§ Task prompt:
Find the string "Role" in the records and copy each line where it occurs.

§ Dataset excerpts:
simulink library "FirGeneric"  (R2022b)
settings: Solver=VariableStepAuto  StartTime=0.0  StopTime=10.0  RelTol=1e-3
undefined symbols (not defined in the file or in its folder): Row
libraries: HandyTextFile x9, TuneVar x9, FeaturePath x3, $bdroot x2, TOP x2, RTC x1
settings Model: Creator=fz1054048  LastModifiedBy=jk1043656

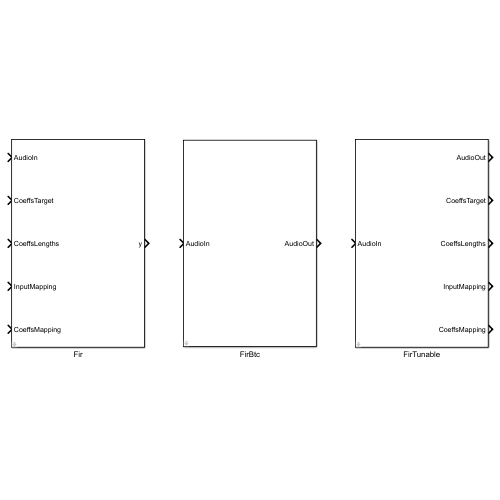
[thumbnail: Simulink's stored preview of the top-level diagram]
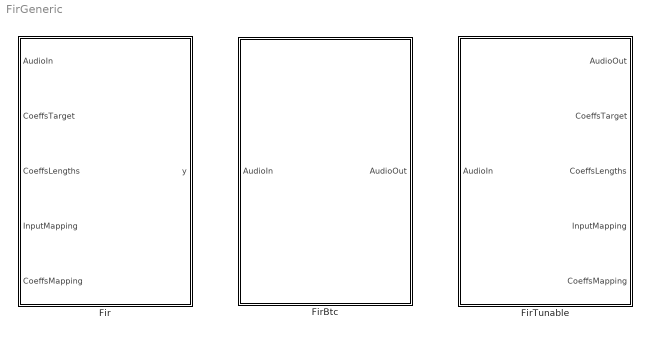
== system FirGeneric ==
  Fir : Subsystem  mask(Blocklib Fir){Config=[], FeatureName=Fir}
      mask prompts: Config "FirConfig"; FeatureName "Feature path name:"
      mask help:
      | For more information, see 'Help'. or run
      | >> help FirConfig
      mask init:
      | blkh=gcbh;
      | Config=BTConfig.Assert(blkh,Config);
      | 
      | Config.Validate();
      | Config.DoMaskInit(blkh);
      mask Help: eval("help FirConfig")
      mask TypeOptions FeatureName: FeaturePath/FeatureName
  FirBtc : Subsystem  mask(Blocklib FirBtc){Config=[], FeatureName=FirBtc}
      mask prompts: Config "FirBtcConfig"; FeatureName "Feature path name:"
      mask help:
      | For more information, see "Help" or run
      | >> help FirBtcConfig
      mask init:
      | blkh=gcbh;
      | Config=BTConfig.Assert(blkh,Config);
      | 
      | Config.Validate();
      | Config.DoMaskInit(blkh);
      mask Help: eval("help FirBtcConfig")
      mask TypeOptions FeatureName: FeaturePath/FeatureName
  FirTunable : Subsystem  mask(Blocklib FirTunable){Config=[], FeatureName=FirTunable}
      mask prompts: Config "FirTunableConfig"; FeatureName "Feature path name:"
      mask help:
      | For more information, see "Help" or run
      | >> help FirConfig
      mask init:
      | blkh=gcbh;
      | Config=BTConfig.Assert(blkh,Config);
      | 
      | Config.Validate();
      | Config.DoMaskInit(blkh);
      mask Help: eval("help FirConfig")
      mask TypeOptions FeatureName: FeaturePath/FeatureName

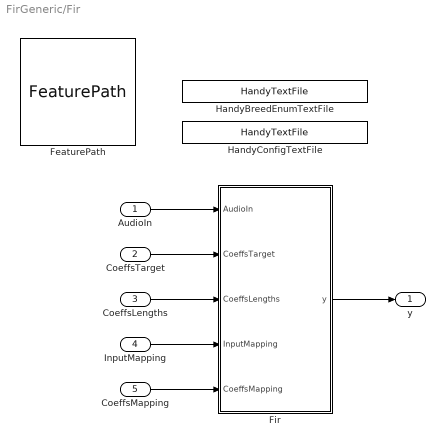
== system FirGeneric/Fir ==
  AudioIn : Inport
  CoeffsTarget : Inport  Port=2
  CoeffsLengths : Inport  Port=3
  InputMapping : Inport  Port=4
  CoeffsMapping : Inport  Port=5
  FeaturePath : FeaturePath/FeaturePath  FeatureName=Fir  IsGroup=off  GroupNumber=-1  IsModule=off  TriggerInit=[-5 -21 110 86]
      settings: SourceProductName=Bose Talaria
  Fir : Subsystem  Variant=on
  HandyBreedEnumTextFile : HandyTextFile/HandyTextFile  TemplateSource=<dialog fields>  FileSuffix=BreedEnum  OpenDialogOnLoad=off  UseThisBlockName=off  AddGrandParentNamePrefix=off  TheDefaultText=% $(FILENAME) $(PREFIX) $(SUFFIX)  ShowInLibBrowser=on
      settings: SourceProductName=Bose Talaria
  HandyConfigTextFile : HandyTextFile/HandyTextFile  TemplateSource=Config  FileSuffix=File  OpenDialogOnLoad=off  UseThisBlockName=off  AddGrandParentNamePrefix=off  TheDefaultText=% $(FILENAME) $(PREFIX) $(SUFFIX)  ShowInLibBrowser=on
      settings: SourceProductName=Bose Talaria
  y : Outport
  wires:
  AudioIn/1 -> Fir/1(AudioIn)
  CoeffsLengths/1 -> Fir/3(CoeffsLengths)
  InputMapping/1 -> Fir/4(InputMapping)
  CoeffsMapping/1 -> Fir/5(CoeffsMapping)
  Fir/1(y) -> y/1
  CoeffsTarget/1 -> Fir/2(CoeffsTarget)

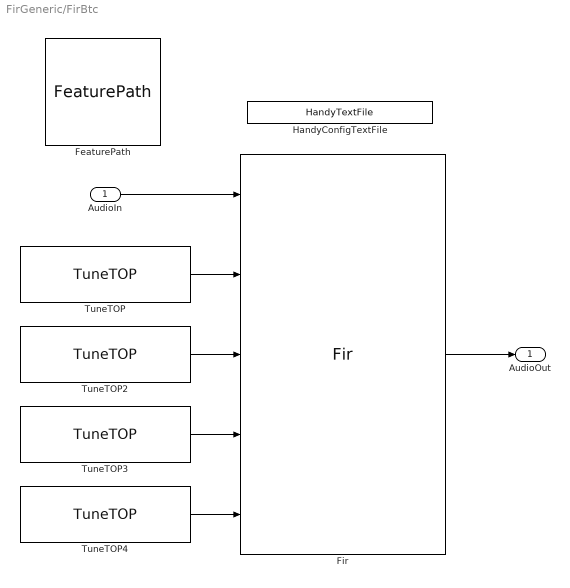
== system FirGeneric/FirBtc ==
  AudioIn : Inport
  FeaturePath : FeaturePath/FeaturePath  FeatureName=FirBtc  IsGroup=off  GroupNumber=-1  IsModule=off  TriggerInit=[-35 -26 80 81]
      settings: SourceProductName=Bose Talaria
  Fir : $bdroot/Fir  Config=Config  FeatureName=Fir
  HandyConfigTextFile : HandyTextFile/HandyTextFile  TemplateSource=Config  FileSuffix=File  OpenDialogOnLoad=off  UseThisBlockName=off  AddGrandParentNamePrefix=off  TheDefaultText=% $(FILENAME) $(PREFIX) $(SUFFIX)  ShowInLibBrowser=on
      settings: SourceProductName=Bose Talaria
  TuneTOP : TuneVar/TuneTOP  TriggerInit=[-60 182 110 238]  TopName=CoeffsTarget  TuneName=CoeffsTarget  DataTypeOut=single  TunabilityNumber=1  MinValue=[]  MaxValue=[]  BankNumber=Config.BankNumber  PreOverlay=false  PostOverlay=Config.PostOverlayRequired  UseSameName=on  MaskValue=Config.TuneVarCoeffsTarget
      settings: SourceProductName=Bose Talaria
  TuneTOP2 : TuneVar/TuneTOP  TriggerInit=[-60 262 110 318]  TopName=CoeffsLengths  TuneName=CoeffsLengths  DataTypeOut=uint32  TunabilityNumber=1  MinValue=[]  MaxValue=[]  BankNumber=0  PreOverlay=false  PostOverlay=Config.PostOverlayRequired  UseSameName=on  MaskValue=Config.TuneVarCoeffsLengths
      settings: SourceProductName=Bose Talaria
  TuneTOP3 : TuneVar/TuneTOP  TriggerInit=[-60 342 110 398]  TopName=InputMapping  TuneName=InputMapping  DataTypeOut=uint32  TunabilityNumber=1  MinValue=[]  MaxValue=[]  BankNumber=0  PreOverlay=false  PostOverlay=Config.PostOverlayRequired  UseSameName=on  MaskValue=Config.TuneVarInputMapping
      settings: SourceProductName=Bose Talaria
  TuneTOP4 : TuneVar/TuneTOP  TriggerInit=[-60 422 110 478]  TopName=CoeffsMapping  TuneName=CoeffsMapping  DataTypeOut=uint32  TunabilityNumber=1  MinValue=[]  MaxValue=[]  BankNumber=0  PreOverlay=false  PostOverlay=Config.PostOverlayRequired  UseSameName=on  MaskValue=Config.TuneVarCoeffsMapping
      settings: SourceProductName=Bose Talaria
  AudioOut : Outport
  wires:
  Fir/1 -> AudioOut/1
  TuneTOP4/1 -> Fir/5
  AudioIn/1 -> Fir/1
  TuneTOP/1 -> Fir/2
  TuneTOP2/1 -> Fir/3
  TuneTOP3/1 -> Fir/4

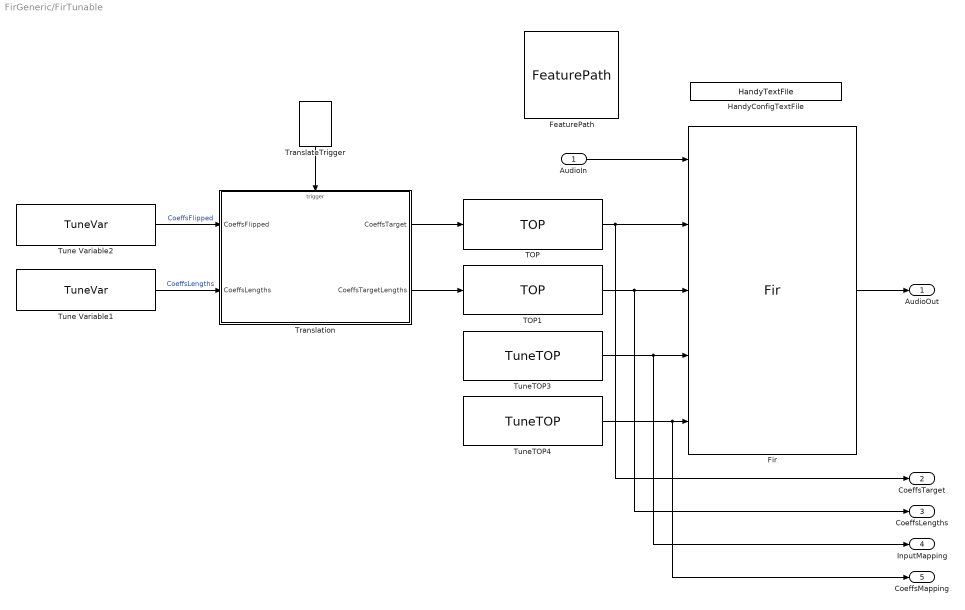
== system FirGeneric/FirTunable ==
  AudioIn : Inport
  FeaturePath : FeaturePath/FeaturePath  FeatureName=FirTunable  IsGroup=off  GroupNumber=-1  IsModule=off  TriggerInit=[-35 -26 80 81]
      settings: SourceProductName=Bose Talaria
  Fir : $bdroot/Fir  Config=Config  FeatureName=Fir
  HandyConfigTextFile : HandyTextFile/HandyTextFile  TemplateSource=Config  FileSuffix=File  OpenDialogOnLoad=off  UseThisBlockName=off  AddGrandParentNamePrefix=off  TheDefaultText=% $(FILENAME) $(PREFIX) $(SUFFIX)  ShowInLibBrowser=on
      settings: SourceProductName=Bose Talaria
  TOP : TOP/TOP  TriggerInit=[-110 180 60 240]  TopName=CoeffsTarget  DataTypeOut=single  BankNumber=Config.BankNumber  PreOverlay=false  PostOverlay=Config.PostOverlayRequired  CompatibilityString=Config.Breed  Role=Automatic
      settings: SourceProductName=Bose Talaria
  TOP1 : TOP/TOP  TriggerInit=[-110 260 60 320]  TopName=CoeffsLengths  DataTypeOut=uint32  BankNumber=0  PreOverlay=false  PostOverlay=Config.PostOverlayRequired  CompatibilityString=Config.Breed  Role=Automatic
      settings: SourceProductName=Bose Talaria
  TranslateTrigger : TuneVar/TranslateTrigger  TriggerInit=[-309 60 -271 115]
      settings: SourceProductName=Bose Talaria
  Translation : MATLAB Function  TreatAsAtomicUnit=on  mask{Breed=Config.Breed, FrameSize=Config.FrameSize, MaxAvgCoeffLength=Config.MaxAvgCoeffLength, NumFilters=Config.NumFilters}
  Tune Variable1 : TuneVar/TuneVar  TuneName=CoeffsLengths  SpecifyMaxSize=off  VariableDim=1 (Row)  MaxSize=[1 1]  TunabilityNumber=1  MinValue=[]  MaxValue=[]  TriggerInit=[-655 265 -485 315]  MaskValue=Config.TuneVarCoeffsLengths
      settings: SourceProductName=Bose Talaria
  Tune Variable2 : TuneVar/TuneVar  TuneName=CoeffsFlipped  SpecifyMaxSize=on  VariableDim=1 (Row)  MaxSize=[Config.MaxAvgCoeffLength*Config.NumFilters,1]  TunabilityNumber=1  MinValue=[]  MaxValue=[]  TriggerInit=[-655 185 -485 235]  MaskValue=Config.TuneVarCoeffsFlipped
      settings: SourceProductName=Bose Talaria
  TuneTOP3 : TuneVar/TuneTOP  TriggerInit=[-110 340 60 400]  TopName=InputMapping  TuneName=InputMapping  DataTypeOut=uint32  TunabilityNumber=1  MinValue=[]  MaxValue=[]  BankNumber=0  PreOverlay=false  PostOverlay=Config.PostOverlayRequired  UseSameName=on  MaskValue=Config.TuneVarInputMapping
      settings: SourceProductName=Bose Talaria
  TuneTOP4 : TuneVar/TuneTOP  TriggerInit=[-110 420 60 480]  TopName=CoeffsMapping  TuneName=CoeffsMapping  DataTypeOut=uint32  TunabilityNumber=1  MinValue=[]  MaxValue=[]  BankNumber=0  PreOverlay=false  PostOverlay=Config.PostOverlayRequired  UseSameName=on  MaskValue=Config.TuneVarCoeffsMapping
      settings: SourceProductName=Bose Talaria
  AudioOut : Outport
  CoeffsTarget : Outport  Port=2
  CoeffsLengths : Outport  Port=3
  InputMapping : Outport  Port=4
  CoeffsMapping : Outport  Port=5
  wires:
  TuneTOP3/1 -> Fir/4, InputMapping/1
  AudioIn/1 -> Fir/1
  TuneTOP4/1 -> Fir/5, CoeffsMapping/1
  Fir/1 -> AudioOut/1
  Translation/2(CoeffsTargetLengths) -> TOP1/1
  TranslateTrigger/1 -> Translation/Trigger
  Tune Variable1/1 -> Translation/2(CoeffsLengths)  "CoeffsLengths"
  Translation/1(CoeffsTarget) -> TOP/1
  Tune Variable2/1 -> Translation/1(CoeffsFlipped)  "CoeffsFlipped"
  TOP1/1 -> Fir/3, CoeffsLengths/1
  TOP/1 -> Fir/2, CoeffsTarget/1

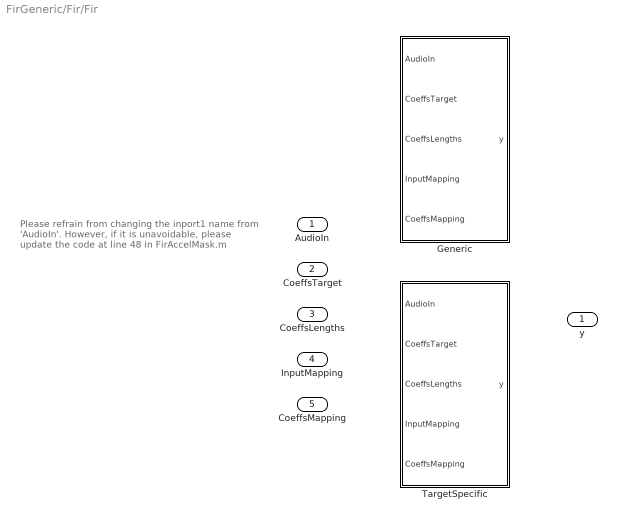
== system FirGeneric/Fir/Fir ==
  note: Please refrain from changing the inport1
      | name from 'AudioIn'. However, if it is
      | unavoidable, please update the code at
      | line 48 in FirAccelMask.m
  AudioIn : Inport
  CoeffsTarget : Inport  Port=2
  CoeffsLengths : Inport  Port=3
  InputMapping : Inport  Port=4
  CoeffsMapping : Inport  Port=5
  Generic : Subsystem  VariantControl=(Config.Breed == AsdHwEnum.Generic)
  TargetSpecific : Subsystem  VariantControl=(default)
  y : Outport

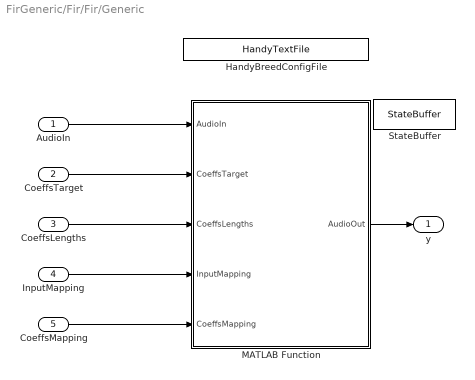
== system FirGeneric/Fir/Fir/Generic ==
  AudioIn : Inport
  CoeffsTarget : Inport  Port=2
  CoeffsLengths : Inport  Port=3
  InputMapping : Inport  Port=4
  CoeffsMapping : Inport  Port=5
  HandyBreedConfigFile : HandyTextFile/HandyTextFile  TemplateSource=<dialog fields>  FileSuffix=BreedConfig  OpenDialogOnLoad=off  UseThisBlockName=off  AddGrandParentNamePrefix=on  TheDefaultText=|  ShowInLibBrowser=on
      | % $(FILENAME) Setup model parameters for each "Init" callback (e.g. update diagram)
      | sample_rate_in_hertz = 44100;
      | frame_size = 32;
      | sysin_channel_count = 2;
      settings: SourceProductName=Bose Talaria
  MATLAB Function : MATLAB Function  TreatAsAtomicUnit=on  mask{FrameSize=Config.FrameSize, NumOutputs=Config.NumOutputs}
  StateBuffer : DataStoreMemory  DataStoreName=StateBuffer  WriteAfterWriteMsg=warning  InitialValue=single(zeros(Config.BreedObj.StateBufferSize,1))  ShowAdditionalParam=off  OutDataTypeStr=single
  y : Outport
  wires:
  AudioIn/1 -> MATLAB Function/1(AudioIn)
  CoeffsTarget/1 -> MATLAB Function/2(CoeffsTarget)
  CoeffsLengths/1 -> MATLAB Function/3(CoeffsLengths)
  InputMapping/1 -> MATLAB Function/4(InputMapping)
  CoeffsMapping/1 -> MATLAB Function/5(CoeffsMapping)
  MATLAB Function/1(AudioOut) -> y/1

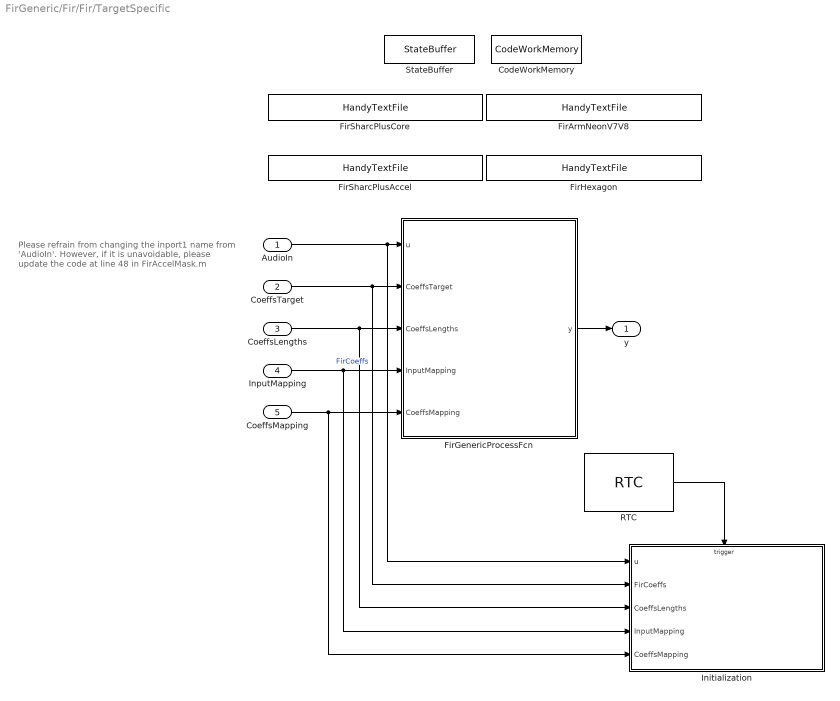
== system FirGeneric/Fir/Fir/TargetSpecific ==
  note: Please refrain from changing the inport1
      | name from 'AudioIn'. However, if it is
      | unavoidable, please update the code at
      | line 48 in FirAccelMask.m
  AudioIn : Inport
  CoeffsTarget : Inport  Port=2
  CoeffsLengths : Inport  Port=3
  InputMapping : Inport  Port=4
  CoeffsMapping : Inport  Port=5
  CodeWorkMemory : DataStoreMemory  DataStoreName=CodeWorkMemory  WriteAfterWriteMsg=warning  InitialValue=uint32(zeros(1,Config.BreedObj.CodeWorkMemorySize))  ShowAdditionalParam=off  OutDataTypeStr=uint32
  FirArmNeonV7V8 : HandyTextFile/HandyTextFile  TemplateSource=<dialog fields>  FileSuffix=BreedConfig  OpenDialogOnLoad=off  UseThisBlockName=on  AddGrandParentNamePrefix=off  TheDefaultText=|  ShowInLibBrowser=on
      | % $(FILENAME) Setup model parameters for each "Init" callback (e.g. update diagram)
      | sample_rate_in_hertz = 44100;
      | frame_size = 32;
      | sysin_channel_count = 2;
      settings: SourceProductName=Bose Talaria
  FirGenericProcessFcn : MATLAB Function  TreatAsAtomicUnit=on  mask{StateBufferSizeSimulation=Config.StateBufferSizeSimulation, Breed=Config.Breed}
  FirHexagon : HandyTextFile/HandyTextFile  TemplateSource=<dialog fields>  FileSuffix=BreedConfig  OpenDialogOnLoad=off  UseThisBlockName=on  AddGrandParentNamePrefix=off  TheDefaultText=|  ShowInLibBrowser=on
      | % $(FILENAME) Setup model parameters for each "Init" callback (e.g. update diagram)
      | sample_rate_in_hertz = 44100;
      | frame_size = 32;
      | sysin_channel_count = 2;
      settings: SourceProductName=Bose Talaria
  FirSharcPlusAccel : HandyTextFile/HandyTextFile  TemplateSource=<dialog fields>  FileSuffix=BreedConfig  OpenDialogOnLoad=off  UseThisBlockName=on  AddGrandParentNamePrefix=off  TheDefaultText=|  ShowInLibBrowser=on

§ Task output:
  TOP : TOP/TOP  TriggerInit=[-110 180 60 240]  TopName=CoeffsTarget  DataTypeOut=single  BankNumber=Config.BankNumber  PreOverlay=false  PostOverlay=Config.PostOverlayRequired  CompatibilityString=Config.Breed  Role=Automatic
  TOP1 : TOP/TOP  TriggerInit=[-110 260 60 320]  TopName=CoeffsLengths  DataTypeOut=uint32  BankNumber=0  PreOverlay=false  PostOverlay=Config.PostOverlayRequired  CompatibilityString=Config.Breed  Role=Automatic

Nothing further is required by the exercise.